(Collection entries)
※
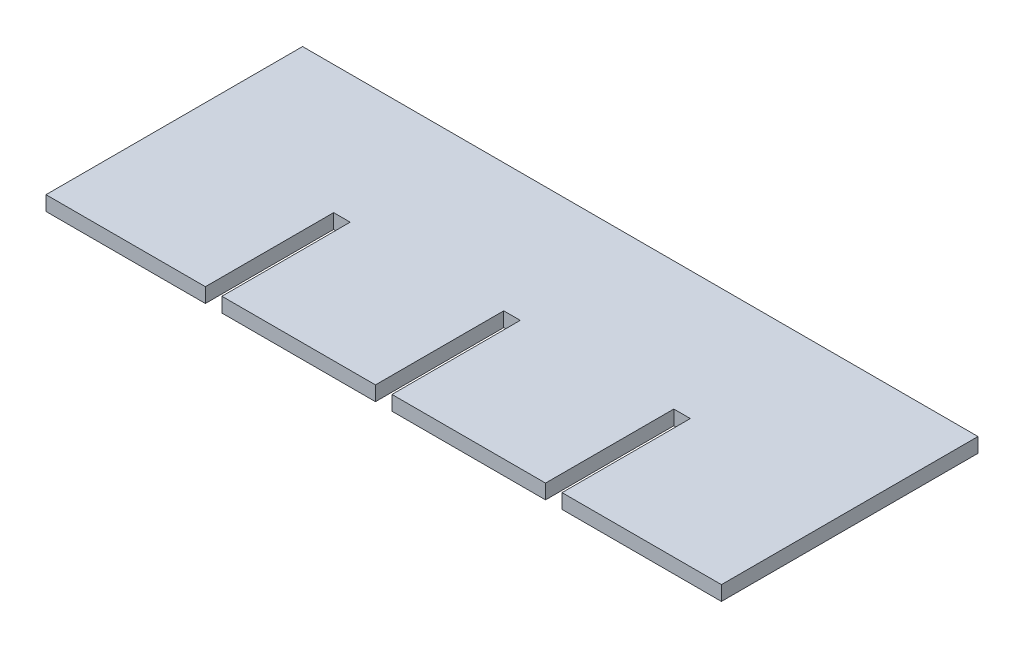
ISO-10303-21;
HEADER;
FILE_DESCRIPTION(('STEP AP214'),'2;1');
FILE_NAME('part.step','',(''),(''),'','','');
FILE_SCHEMA(('AUTOMOTIVE_DESIGN { 1 0 10303 214 1 1 1 1 }'));
ENDSEC;
DATA;
#1=APPLICATION_CONTEXT('core data for automotive mechanical design processes');
#2=APPLICATION_PROTOCOL_DEFINITION('international standard','automotive_design',2000,#1);
#3=PRODUCT_CONTEXT('',#1,'mechanical');
#4=PRODUCT('Part','Part','',(#3));
#5=PRODUCT_RELATED_PRODUCT_CATEGORY('part','',(#4));
#6=PRODUCT_DEFINITION_FORMATION('','',#4);
#7=PRODUCT_DEFINITION_CONTEXT('part definition',#1,'design');
#8=PRODUCT_DEFINITION('design','',#6,#7);
#9=PRODUCT_DEFINITION_SHAPE('','',#8);
#10=(LENGTH_UNIT() NAMED_UNIT(*) SI_UNIT(.MILLI.,.METRE.));
#11=(NAMED_UNIT(*) PLANE_ANGLE_UNIT() SI_UNIT($,.RADIAN.));
#12=(NAMED_UNIT(*) SI_UNIT($,.STERADIAN.) SOLID_ANGLE_UNIT());
#13=UNCERTAINTY_MEASURE_WITH_UNIT(LENGTH_MEASURE(1.E-05),#10,'distance_accuracy_value','');
#14=(GEOMETRIC_REPRESENTATION_CONTEXT(3) GLOBAL_UNCERTAINTY_ASSIGNED_CONTEXT((#13)) GLOBAL_UNIT_ASSIGNED_CONTEXT((#10,
#11,#12)) REPRESENTATION_CONTEXT('',''));
#15=CARTESIAN_POINT('',(0.,0.,0.));
#16=DIRECTION('',(0.,0.,1.));
#17=DIRECTION('',(1.,0.,0.));
#18=AXIS2_PLACEMENT_3D('',#15,#16,#17);
#19=CARTESIAN_POINT('',(0.,0.,26.4));
#20=DIRECTION('',(0.,0.,-1.));
#21=DIRECTION('',(-1.,0.,0.));
#22=AXIS2_PLACEMENT_3D('',#19,#20,#21);
#23=PLANE('',#22);
#24=DIRECTION('',(-1.,0.,0.));
#25=VECTOR('',#24,1.);
#26=CARTESIAN_POINT('',(-34.75,-19.25,26.4));
#27=LINE('',#26,#25);
#28=CARTESIAN_POINT('',(16.65,-19.25,26.4));
#29=VERTEX_POINT('',#28);
#30=CARTESIAN_POINT('',(0.849999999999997,-19.25,26.4));
#31=VERTEX_POINT('',#30);
#32=EDGE_CURVE('E162',#29,#31,#27,.T.);
#33=ORIENTED_EDGE('',*,*,#32,.T.);
#34=DIRECTION('',(0.,-1.,0.));
#35=VECTOR('',#34,1.);
#36=CARTESIAN_POINT('',(0.849999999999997,-5.94098050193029,26.4));
#37=LINE('',#36,#35);
#38=CARTESIAN_POINT('',(0.849999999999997,-20.75,26.4));
#39=VERTEX_POINT('',#38);
#40=EDGE_CURVE('E151',#31,#39,#37,.T.);
#41=ORIENTED_EDGE('',*,*,#40,.T.);
#42=DIRECTION('',(1.,0.,0.));
#43=VECTOR('',#42,1.);
#44=CARTESIAN_POINT('',(-34.75,-20.75,26.4));
#45=LINE('',#44,#43);
#46=CARTESIAN_POINT('',(16.65,-20.75,26.4));
#47=VERTEX_POINT('',#46);
#48=EDGE_CURVE('E57',#39,#47,#45,.T.);
#49=ORIENTED_EDGE('',*,*,#48,.T.);
#50=DIRECTION('',(0.,-1.,0.));
#51=VECTOR('',#50,1.);
#52=CARTESIAN_POINT('',(16.65,-5.94098050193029,26.4));
#53=LINE('',#52,#51);
#54=EDGE_CURVE('E295',#29,#47,#53,.T.);
#55=ORIENTED_EDGE('',*,*,#54,.F.);
#56=EDGE_LOOP('',(#33,#41,#49,#55));
#57=FACE_BOUND('',#56,.T.);
#58=ADVANCED_FACE('F34',(#57),#23,.F.);
#59=CARTESIAN_POINT('',(34.75,-19.25,26.4));
#60=VERTEX_POINT('',#59);
#61=CARTESIAN_POINT('',(18.35,-19.25,26.4));
#62=VERTEX_POINT('',#61);
#63=EDGE_CURVE('E222',#60,#62,#27,.T.);
#64=ORIENTED_EDGE('',*,*,#63,.T.);
#65=DIRECTION('',(0.,-1.,0.));
#66=VECTOR('',#65,1.);
#67=CARTESIAN_POINT('',(18.35,-5.94098050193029,26.4));
#68=LINE('',#67,#66);
#69=CARTESIAN_POINT('',(18.35,-20.75,26.4));
#70=VERTEX_POINT('',#69);
#71=EDGE_CURVE('E291',#62,#70,#68,.T.);
#72=ORIENTED_EDGE('',*,*,#71,.T.);
#73=CARTESIAN_POINT('',(34.75,-20.75,26.4));
#74=VERTEX_POINT('',#73);
#75=EDGE_CURVE('E171',#70,#74,#45,.T.);
#76=ORIENTED_EDGE('',*,*,#75,.T.);
#77=DIRECTION('',(0.,1.,0.));
#78=VECTOR('',#77,1.);
#79=CARTESIAN_POINT('',(34.75,-19.25,26.4));
#80=LINE('',#79,#78);
#81=EDGE_CURVE('E179',#74,#60,#80,.T.);
#82=ORIENTED_EDGE('',*,*,#81,.T.);
#83=EDGE_LOOP('',(#64,#72,#76,#82));
#84=FACE_BOUND('',#83,.T.);
#85=ADVANCED_FACE('F242',(#84),#23,.F.);
#86=CARTESIAN_POINT('',(-16.65,-20.75,26.4));
#87=VERTEX_POINT('',#86);
#88=CARTESIAN_POINT('',(-0.850000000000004,-20.75,26.4));
#89=VERTEX_POINT('',#88);
#90=EDGE_CURVE('E170',#87,#89,#45,.T.);
#91=ORIENTED_EDGE('',*,*,#90,.T.);
#92=DIRECTION('',(0.,-1.,0.));
#93=VECTOR('',#92,1.);
#94=CARTESIAN_POINT('',(-0.850000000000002,-5.94098050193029,26.4));
#95=LINE('',#94,#93);
#96=CARTESIAN_POINT('',(-0.850000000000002,-19.25,26.4));
#97=VERTEX_POINT('',#96);
#98=EDGE_CURVE('E49',#97,#89,#95,.T.);
#99=ORIENTED_EDGE('',*,*,#98,.F.);
#100=CARTESIAN_POINT('',(-16.65,-19.25,26.4));
#101=VERTEX_POINT('',#100);
#102=EDGE_CURVE('E227',#97,#101,#27,.T.);
#103=ORIENTED_EDGE('',*,*,#102,.T.);
#104=DIRECTION('',(0.,-1.,0.));
#105=VECTOR('',#104,1.);
#106=CARTESIAN_POINT('',(-16.65,-5.94098050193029,26.4));
#107=LINE('',#106,#105);
#108=EDGE_CURVE('E264',#101,#87,#107,.T.);
#109=ORIENTED_EDGE('',*,*,#108,.T.);
#110=EDGE_LOOP('',(#91,#99,#103,#109));
#111=FACE_BOUND('',#110,.T.);
#112=ADVANCED_FACE('F240',(#111),#23,.F.);
#113=CARTESIAN_POINT('',(-34.75,-19.25,26.4));
#114=DIRECTION('',(0.,-1.,0.));
#115=DIRECTION('',(0.,0.,-1.));
#116=AXIS2_PLACEMENT_3D('',#113,#114,#115);
#117=PLANE('',#116);
#118=DIRECTION('',(-1.,0.,0.));
#119=VECTOR('',#118,1.);
#120=CARTESIAN_POINT('',(0.85,-19.25,13.2));
#121=LINE('',#120,#119);
#122=CARTESIAN_POINT('',(0.85,-19.25,13.2));
#123=VERTEX_POINT('',#122);
#124=CARTESIAN_POINT('',(-0.85,-19.25,13.2));
#125=VERTEX_POINT('',#124);
#126=EDGE_CURVE('E354',#123,#125,#121,.T.);
#127=ORIENTED_EDGE('',*,*,#126,.F.);
#128=DIRECTION('',(0.,0.,-1.));
#129=VECTOR('',#128,1.);
#130=CARTESIAN_POINT('',(0.849999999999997,-19.25,26.4));
#131=LINE('',#130,#129);
#132=EDGE_CURVE('E286',#31,#123,#131,.T.);
#133=ORIENTED_EDGE('',*,*,#132,.F.);
#134=ORIENTED_EDGE('',*,*,#32,.F.);
#135=DIRECTION('',(0.,0.,1.));
#136=VECTOR('',#135,1.);
#137=CARTESIAN_POINT('',(16.65,-19.25,26.4));
#138=LINE('',#137,#136);
#139=CARTESIAN_POINT('',(16.65,-19.25,13.2));
#140=VERTEX_POINT('',#139);
#141=EDGE_CURVE('E278',#140,#29,#138,.T.);
#142=ORIENTED_EDGE('',*,*,#141,.F.);
#143=DIRECTION('',(-1.,0.,0.));
#144=VECTOR('',#143,1.);
#145=CARTESIAN_POINT('',(18.35,-19.25,13.2));
#146=LINE('',#145,#144);
#147=CARTESIAN_POINT('',(18.35,-19.25,13.2));
#148=VERTEX_POINT('',#147);
#149=EDGE_CURVE('E280',#148,#140,#146,.T.);
#150=ORIENTED_EDGE('',*,*,#149,.F.);
#151=DIRECTION('',(0.,0.,-1.));
#152=VECTOR('',#151,1.);
#153=CARTESIAN_POINT('',(18.35,-19.25,26.4));
#154=LINE('',#153,#152);
#155=EDGE_CURVE('E224',#62,#148,#154,.T.);
#156=ORIENTED_EDGE('',*,*,#155,.F.);
#157=ORIENTED_EDGE('',*,*,#63,.F.);
#158=DIRECTION('',(0.,0.,-1.));
#159=VECTOR('',#158,1.);
#160=CARTESIAN_POINT('',(34.75,-19.25,26.4));
#161=LINE('',#160,#159);
#162=CARTESIAN_POINT('',(34.75,-19.25,0.));
#163=VERTEX_POINT('',#162);
#164=EDGE_CURVE('E183',#60,#163,#161,.T.);
#165=ORIENTED_EDGE('',*,*,#164,.T.);
#166=DIRECTION('',(-1.,0.,0.));
#167=VECTOR('',#166,1.);
#168=CARTESIAN_POINT('',(-34.75,-19.25,0.));
#169=LINE('',#168,#167);
#170=CARTESIAN_POINT('',(-34.75,-19.25,0.));
#171=VERTEX_POINT('',#170);
#172=EDGE_CURVE('E192',#163,#171,#169,.T.);
#173=ORIENTED_EDGE('',*,*,#172,.T.);
#174=DIRECTION('',(0.,0.,-1.));
#175=VECTOR('',#174,1.);
#176=CARTESIAN_POINT('',(-34.75,-19.25,26.4));
#177=LINE('',#176,#175);
#178=CARTESIAN_POINT('',(-34.75,-19.25,26.4));
#179=VERTEX_POINT('',#178);
#180=EDGE_CURVE('E11',#179,#171,#177,.T.);
#181=ORIENTED_EDGE('',*,*,#180,.F.);
#182=CARTESIAN_POINT('',(-18.35,-19.25,26.4));
#183=VERTEX_POINT('',#182);
#184=EDGE_CURVE('E201',#183,#179,#27,.T.);
#185=ORIENTED_EDGE('',*,*,#184,.F.);
#186=DIRECTION('',(0.,0.,1.));
#187=VECTOR('',#186,1.);
#188=CARTESIAN_POINT('',(-18.35,-19.25,13.2));
#189=LINE('',#188,#187);
#190=CARTESIAN_POINT('',(-18.35,-19.25,13.2));
#191=VERTEX_POINT('',#190);
#192=EDGE_CURVE('E298',#191,#183,#189,.T.);
#193=ORIENTED_EDGE('',*,*,#192,.F.);
#194=DIRECTION('',(-1.,0.,0.));
#195=VECTOR('',#194,1.);
#196=CARTESIAN_POINT('',(-18.35,-19.25,13.2));
#197=LINE('',#196,#195);
#198=CARTESIAN_POINT('',(-16.65,-19.25,13.2));
#199=VERTEX_POINT('',#198);
#200=EDGE_CURVE('E300',#199,#191,#197,.T.);
#201=ORIENTED_EDGE('',*,*,#200,.F.);
#202=DIRECTION('',(0.,0.,-1.));
#203=VECTOR('',#202,1.);
#204=CARTESIAN_POINT('',(-16.65,-19.25,13.2));
#205=LINE('',#204,#203);
#206=EDGE_CURVE('E196',#101,#199,#205,.T.);
#207=ORIENTED_EDGE('',*,*,#206,.F.);
#208=ORIENTED_EDGE('',*,*,#102,.F.);
#209=DIRECTION('',(0.,0.,1.));
#210=VECTOR('',#209,1.);
#211=CARTESIAN_POINT('',(-0.850000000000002,-19.25,26.4));
#212=LINE('',#211,#210);
#213=EDGE_CURVE('E274',#125,#97,#212,.T.);
#214=ORIENTED_EDGE('',*,*,#213,.F.);
#215=EDGE_LOOP('',(#127,#133,#134,#142,#150,#156,#157,#165,#173,#181,#185,#193,#201,#207,#208,#214));
#216=FACE_BOUND('',#215,.T.);
#217=ADVANCED_FACE('F36',(#216),#117,.F.);
#218=CARTESIAN_POINT('',(-34.75,-19.25,26.4));
#219=DIRECTION('',(1.,0.,0.));
#220=DIRECTION('',(0.,0.,-1.));
#221=AXIS2_PLACEMENT_3D('',#218,#219,#220);
#222=PLANE('',#221);
#223=DIRECTION('',(0.,-1.,0.));
#224=VECTOR('',#223,1.);
#225=CARTESIAN_POINT('',(-34.75,-19.25,0.));
#226=LINE('',#225,#224);
#227=CARTESIAN_POINT('',(-34.75,-20.75,0.));
#228=VERTEX_POINT('',#227);
#229=EDGE_CURVE('E195',#171,#228,#226,.T.);
#230=ORIENTED_EDGE('',*,*,#229,.T.);
#231=DIRECTION('',(0.,0.,-1.));
#232=VECTOR('',#231,1.);
#233=CARTESIAN_POINT('',(-34.75,-20.75,26.4));
#234=LINE('',#233,#232);
#235=CARTESIAN_POINT('',(-34.75,-20.75,26.4));
#236=VERTEX_POINT('',#235);
#237=EDGE_CURVE('E42',#236,#228,#234,.T.);
#238=ORIENTED_EDGE('',*,*,#237,.F.);
#239=DIRECTION('',(0.,-1.,0.));
#240=VECTOR('',#239,1.);
#241=CARTESIAN_POINT('',(-34.75,-19.25,26.4));
#242=LINE('',#241,#240);
#243=EDGE_CURVE('E175',#179,#236,#242,.T.);
#244=ORIENTED_EDGE('',*,*,#243,.F.);
#245=ORIENTED_EDGE('',*,*,#180,.T.);
#246=EDGE_LOOP('',(#230,#238,#244,#245));
#247=FACE_BOUND('',#246,.T.);
#248=ADVANCED_FACE('F233',(#247),#222,.F.);
#249=CARTESIAN_POINT('',(-34.75,-20.75,26.4));
#250=DIRECTION('',(0.,1.,0.));
#251=DIRECTION('',(0.,0.,1.));
#252=AXIS2_PLACEMENT_3D('',#249,#250,#251);
#253=PLANE('',#252);
#254=ORIENTED_EDGE('',*,*,#48,.F.);
#255=DIRECTION('',(0.,0.,1.));
#256=VECTOR('',#255,1.);
#257=CARTESIAN_POINT('',(0.849999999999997,-20.75,26.4));
#258=LINE('',#257,#256);
#259=CARTESIAN_POINT('',(0.85,-20.75,13.2));
#260=VERTEX_POINT('',#259);
#261=EDGE_CURVE('E149',#260,#39,#258,.T.);
#262=ORIENTED_EDGE('',*,*,#261,.F.);
#263=DIRECTION('',(1.,0.,0.));
#264=VECTOR('',#263,1.);
#265=CARTESIAN_POINT('',(0.85,-20.75,13.2));
#266=LINE('',#265,#264);
#267=CARTESIAN_POINT('',(-0.85,-20.75,13.2));
#268=VERTEX_POINT('',#267);
#269=EDGE_CURVE('E163',#268,#260,#266,.T.);
#270=ORIENTED_EDGE('',*,*,#269,.F.);
#271=DIRECTION('',(0.,0.,-1.));
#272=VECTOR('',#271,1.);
※
Exact repetition is the task: every line from the start of the data to the line with "#1=APPLICATION_CONTEXT('core data for", inclusive, and none after it, pictures omitted.

* **ANSWER FOR THE TASK**:
ISO-10303-21;
HEADER;
FILE_DESCRIPTION(('STEP AP214'),'2;1');
FILE_NAME('part.step','',(''),(''),'','','');
FILE_SCHEMA(('AUTOMOTIVE_DESIGN { 1 0 10303 214 1 1 1 1 }'));
ENDSEC;
DATA;
#1=APPLICATION_CONTEXT('core data for automotive mechanical design processes');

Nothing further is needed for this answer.